**** Records for processing
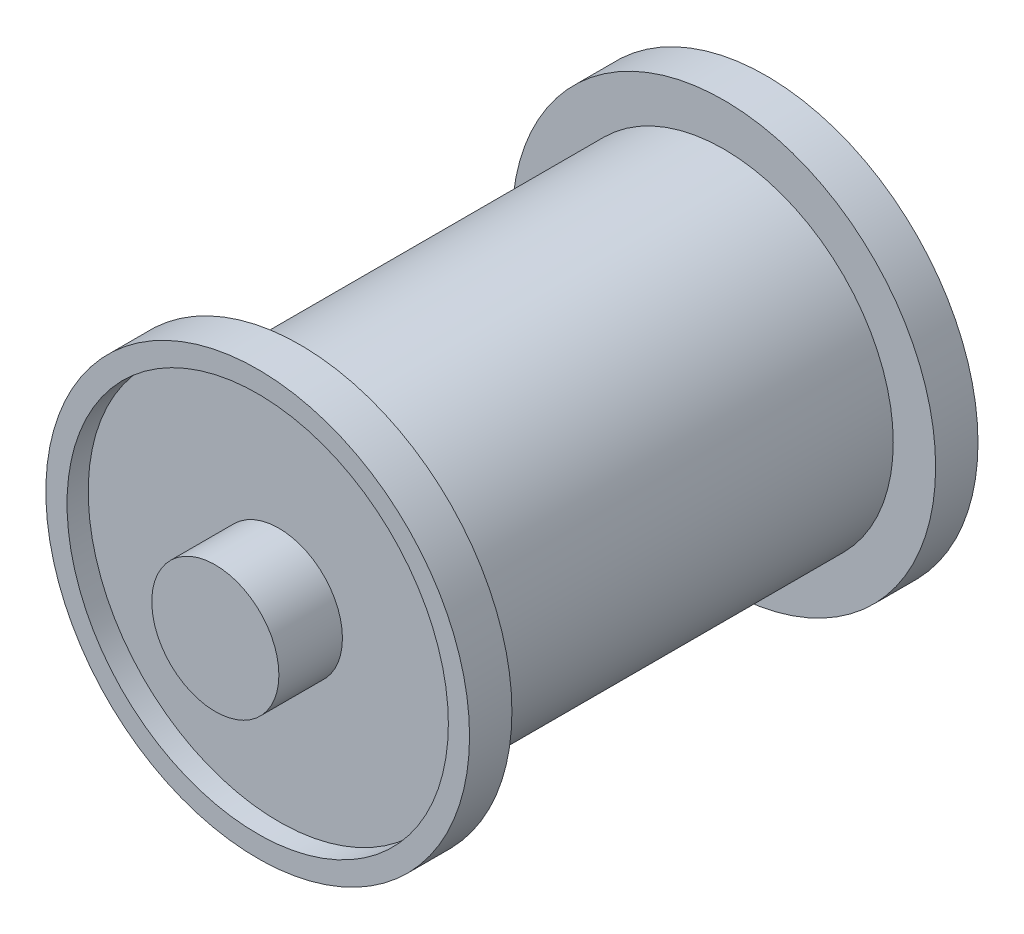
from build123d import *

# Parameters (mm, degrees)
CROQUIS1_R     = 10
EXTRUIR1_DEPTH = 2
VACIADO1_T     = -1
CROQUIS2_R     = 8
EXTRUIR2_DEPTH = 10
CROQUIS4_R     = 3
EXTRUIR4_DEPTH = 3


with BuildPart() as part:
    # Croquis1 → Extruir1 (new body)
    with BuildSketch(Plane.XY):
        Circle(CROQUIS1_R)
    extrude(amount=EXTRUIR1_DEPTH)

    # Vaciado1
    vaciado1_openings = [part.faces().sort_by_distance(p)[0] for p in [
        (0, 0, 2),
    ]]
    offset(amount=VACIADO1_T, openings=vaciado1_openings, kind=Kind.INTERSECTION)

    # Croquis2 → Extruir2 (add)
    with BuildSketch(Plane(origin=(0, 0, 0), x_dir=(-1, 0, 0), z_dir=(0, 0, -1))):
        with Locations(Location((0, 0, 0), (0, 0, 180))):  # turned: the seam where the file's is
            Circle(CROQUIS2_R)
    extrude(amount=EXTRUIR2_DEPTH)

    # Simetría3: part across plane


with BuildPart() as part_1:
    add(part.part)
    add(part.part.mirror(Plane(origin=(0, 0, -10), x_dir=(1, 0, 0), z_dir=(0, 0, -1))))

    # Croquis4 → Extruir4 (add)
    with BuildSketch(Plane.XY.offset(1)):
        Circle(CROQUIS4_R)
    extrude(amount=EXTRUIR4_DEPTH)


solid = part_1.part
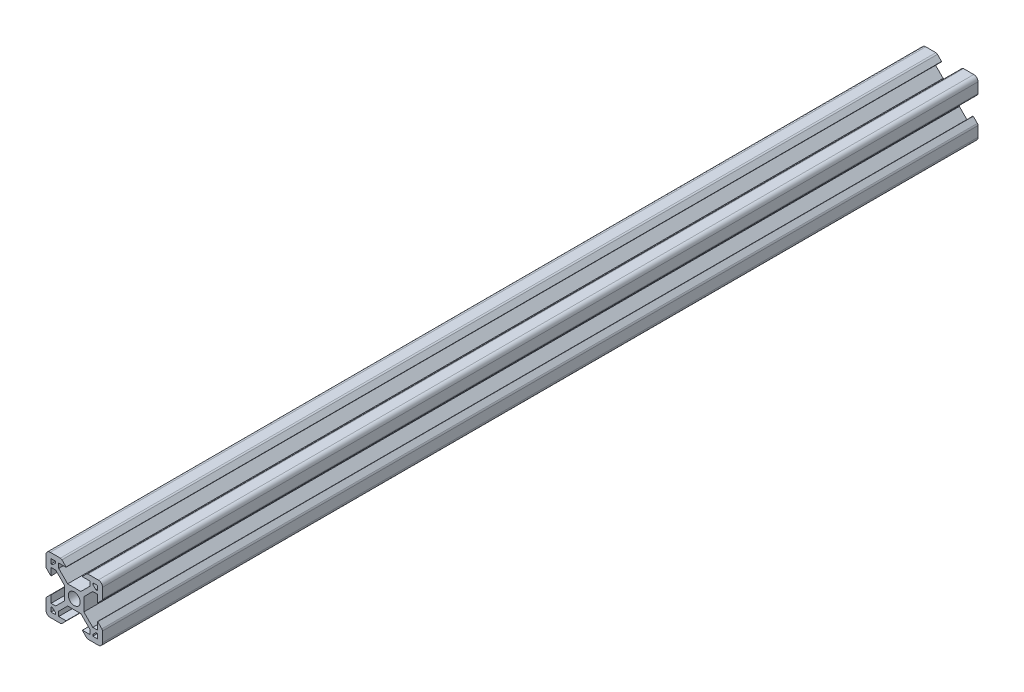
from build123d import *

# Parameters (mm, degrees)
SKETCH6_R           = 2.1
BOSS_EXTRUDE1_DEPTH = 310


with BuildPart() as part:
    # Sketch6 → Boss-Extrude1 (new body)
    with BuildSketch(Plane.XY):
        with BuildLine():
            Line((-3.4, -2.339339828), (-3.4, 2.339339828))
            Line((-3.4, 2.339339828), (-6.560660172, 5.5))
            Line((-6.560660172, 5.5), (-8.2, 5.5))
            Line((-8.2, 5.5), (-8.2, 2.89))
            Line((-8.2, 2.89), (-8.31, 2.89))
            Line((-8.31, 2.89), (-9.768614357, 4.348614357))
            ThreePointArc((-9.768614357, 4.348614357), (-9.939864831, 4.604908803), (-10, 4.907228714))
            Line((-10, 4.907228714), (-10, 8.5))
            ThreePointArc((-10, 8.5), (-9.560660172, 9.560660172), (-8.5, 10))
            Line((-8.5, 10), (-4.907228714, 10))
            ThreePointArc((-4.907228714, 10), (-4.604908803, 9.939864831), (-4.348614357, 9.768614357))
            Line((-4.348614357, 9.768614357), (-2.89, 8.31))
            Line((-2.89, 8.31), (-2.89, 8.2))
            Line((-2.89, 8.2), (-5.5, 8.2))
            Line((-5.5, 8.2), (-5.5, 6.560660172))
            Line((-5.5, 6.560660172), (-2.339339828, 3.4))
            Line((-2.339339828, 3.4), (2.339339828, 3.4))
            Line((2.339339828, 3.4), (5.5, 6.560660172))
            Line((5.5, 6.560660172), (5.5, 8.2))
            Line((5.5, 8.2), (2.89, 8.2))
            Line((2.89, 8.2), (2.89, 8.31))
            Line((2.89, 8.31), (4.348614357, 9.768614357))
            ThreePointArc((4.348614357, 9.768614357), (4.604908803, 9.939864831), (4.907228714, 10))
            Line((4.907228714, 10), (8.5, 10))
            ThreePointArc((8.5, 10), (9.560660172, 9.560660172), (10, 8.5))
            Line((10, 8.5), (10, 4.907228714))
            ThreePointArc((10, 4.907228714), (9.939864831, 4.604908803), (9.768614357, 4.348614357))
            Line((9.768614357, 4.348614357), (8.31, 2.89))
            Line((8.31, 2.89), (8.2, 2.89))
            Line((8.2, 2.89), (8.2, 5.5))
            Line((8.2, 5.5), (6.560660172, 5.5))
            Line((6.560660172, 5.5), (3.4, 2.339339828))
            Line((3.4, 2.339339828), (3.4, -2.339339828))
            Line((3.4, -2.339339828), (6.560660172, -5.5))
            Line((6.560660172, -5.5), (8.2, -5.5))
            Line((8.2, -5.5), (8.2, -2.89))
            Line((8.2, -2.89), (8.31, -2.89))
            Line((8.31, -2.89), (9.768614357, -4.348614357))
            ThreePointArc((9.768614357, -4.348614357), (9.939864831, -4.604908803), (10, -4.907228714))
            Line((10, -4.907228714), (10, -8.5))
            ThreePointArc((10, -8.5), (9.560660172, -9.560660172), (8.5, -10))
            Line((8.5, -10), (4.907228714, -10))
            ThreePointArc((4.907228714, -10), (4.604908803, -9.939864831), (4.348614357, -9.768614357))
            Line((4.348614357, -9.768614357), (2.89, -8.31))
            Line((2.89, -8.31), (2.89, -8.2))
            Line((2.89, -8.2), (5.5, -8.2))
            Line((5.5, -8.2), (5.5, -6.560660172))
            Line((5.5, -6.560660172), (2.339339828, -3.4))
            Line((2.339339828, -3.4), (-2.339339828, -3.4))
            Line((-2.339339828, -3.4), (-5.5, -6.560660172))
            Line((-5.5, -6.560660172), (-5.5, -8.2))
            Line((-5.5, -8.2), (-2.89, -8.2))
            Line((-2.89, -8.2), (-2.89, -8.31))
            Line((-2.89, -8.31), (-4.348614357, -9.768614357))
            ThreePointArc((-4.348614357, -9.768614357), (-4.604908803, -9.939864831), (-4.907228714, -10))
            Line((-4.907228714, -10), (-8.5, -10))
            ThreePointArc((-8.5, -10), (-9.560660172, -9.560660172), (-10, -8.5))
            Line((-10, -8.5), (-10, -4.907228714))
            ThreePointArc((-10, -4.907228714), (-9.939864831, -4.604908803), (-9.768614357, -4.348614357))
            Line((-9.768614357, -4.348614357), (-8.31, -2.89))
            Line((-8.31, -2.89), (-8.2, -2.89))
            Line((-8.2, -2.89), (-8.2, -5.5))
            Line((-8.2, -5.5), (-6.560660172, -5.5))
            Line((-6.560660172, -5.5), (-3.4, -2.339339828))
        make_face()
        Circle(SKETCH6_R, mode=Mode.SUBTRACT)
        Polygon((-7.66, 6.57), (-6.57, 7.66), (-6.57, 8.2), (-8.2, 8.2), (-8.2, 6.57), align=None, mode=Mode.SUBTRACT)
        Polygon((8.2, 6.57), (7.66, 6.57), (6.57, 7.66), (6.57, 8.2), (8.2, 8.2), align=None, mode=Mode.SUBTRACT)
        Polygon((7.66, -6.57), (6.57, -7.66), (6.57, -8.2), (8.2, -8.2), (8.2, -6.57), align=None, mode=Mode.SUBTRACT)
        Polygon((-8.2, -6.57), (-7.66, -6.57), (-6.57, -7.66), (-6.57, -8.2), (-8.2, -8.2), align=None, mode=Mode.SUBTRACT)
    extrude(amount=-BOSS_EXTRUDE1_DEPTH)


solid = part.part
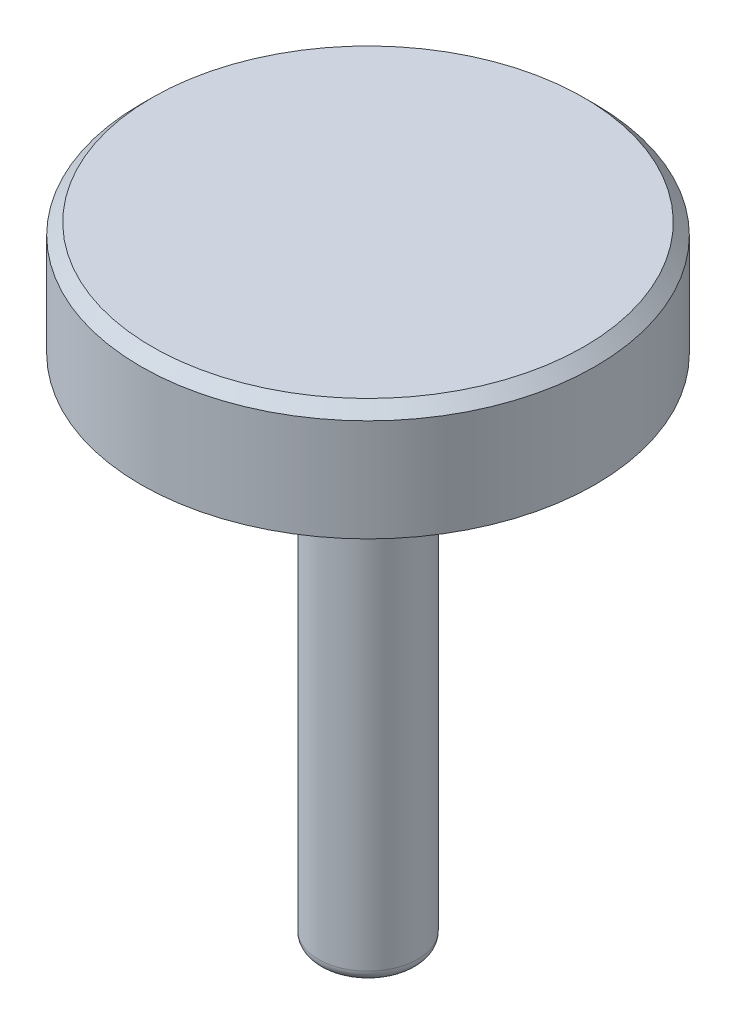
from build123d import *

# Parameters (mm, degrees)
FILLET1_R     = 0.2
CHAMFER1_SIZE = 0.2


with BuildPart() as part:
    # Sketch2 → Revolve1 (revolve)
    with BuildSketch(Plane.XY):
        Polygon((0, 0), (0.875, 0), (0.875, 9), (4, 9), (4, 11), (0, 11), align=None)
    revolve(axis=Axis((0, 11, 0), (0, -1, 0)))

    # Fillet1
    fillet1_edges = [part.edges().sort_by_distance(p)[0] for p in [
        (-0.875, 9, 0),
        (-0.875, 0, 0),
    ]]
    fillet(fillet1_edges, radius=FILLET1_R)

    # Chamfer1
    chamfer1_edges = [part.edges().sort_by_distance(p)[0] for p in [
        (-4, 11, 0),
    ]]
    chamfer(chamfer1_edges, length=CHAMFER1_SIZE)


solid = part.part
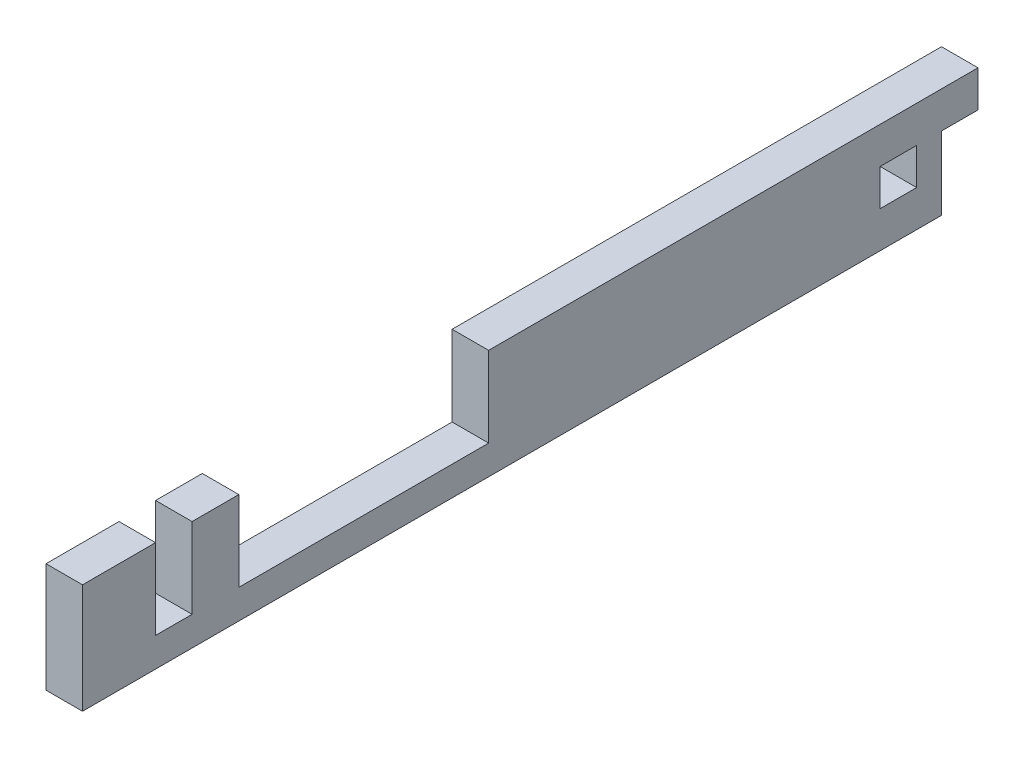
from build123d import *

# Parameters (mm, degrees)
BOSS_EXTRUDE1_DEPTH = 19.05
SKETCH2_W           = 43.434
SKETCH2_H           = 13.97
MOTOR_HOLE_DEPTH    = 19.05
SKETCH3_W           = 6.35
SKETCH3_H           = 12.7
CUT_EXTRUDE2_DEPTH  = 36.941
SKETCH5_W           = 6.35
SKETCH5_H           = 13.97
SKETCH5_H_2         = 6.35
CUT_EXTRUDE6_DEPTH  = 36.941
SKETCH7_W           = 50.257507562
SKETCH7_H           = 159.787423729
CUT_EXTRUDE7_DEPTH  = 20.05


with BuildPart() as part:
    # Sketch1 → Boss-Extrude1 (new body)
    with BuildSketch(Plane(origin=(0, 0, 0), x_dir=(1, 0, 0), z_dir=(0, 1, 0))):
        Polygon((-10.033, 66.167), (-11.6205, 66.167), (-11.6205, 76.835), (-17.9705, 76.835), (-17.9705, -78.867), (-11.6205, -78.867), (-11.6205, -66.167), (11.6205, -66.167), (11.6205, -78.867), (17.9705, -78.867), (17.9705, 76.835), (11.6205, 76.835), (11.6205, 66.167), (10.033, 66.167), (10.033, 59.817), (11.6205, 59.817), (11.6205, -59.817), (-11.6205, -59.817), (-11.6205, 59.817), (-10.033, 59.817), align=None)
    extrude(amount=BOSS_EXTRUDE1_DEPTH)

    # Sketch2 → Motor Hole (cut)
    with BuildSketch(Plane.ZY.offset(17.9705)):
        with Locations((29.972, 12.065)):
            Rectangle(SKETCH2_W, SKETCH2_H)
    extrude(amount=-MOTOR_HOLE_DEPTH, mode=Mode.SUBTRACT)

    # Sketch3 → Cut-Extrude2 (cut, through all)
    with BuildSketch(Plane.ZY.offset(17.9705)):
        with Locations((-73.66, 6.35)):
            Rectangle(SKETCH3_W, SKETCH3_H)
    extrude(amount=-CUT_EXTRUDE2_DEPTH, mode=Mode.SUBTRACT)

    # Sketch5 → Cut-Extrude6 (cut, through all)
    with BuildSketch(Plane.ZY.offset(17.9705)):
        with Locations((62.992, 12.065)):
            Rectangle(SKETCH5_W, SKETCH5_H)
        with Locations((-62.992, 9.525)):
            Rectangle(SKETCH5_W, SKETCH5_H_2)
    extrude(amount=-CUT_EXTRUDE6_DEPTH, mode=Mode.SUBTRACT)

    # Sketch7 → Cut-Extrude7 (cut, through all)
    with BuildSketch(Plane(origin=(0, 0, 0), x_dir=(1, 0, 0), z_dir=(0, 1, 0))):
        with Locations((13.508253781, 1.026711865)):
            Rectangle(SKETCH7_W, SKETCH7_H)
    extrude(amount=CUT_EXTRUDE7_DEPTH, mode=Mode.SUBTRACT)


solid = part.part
********
- Task
Look above for the line with "Line((8.2, -2.89), (8.31, -2.89))" and the line with "-9.939864831), (4.348614357, -9.768614357))". Retype those two lines and every line between them exactly, adding nothing.

- Exercise output
            Line((8.2, -2.89), (8.31, -2.89))
            Line((8.31, -2.89), (9.768614357, -4.348614357))
            ThreePointArc((9.768614357, -4.348614357), (9.939864831, -4.604908803), (10, -4.907228714))
            Line((10, -4.907228714), (10, -8.5))
            ThreePointArc((10, -8.5), (9.560660172, -9.560660172), (8.5, -10))
            Line((8.5, -10), (4.907228714, -10))
            ThreePointArc((4.907228714, -10), (4.604908803, -9.939864831), (4.348614357, -9.768614357))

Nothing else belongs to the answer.